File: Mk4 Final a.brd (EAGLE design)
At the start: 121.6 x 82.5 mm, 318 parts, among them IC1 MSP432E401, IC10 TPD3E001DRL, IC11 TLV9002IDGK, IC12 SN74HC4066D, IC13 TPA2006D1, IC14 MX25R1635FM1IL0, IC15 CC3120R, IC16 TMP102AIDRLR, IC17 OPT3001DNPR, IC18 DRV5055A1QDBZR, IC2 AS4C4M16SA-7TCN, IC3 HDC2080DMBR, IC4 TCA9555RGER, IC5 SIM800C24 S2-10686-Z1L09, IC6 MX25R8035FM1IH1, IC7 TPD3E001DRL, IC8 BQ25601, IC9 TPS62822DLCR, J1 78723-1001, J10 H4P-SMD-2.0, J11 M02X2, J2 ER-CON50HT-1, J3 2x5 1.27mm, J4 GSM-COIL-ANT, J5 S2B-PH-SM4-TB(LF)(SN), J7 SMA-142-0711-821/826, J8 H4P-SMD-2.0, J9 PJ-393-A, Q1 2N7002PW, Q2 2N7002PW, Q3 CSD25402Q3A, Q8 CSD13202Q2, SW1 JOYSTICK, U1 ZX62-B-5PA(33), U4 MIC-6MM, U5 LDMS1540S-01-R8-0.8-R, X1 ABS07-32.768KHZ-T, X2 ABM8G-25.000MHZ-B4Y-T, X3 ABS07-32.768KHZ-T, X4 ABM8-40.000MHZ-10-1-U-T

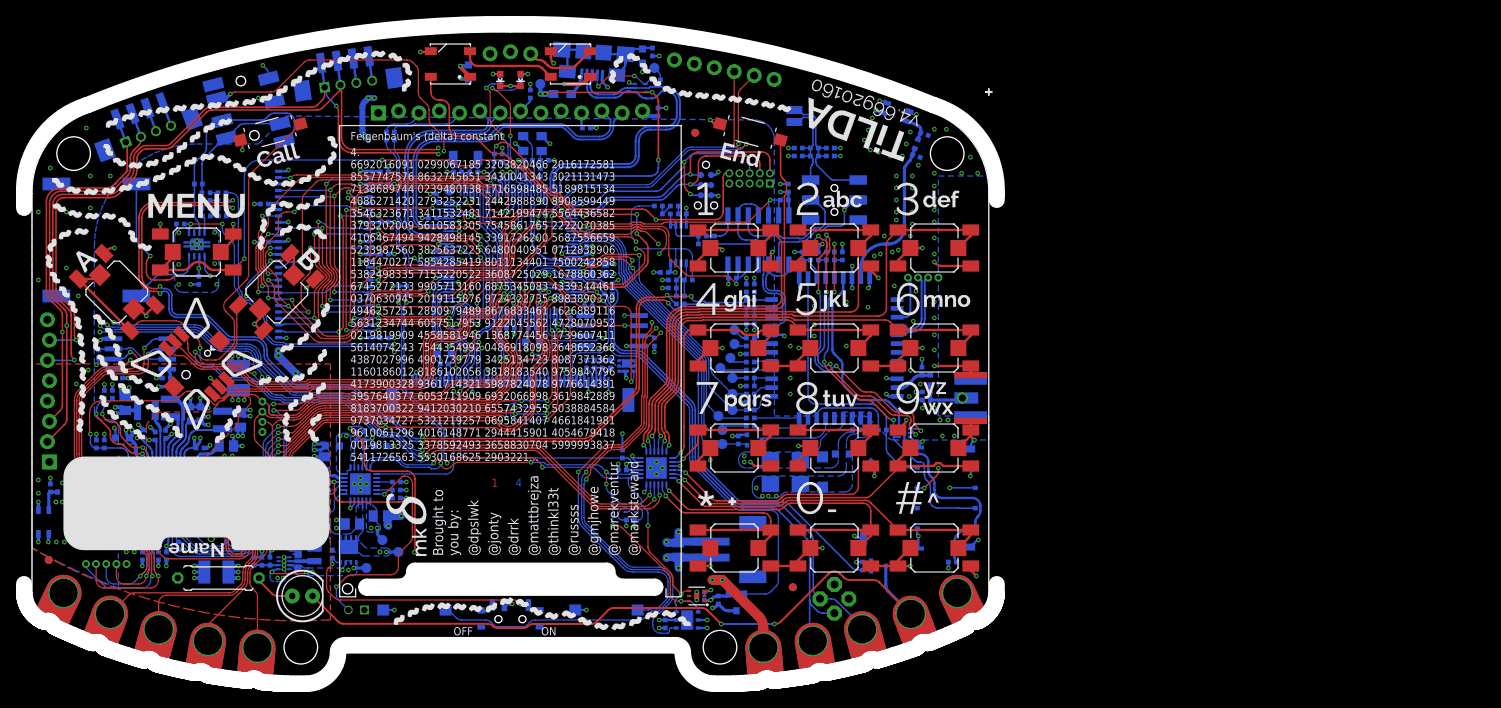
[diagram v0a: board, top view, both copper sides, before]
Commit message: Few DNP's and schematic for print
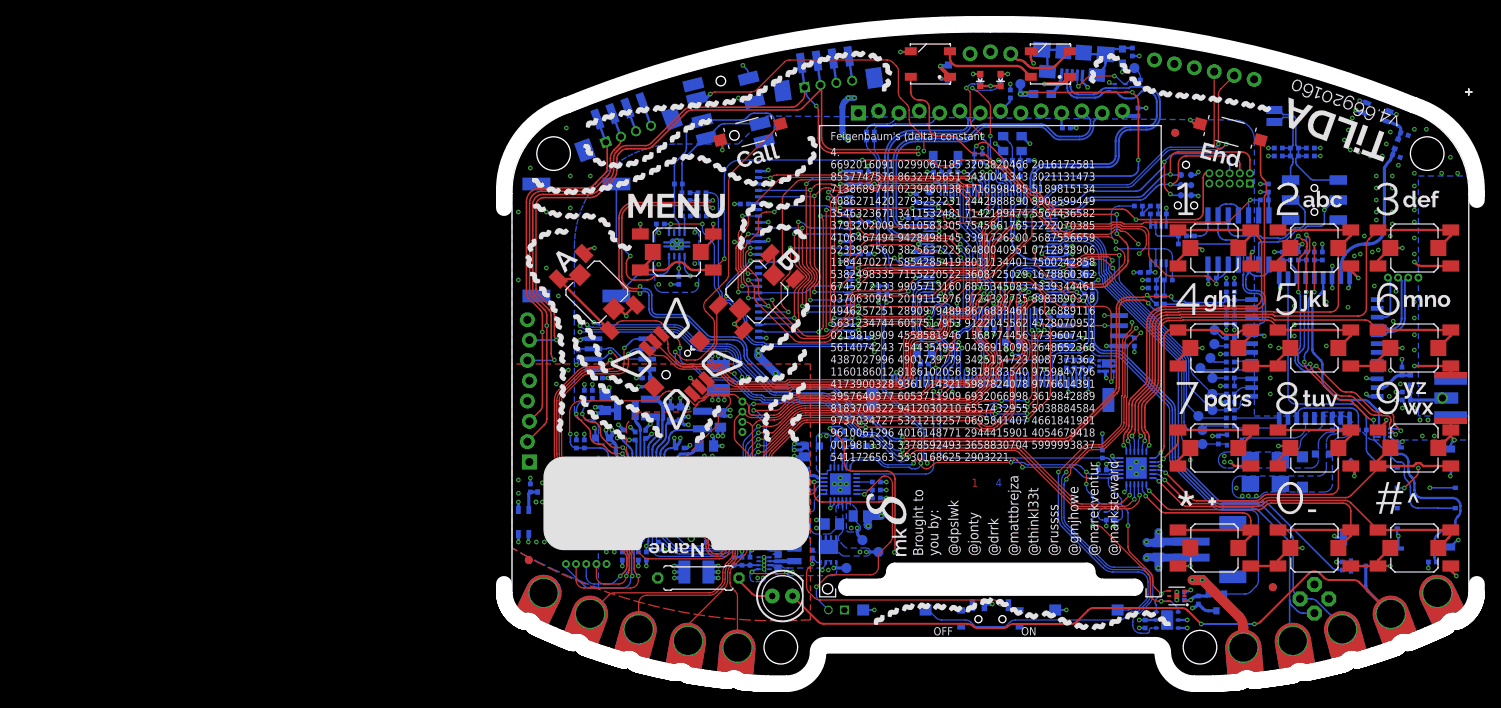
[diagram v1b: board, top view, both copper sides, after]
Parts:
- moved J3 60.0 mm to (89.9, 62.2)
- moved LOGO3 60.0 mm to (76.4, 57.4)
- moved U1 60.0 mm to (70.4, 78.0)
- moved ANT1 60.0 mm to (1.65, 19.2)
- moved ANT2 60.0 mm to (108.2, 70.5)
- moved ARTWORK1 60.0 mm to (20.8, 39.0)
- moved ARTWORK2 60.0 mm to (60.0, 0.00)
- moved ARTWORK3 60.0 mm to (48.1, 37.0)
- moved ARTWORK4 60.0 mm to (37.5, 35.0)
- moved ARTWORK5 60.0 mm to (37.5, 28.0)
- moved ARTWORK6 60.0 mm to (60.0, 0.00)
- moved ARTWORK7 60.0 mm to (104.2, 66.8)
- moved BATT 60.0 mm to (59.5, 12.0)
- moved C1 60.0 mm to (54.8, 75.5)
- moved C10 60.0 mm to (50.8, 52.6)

## How to complete this task
Read the listing line by line, and copy each line in which the word "sides" is found.

## Reply
[diagram v0a: board, top view, both copper sides, before]
[diagram v1b: board, top view, both copper sides, after]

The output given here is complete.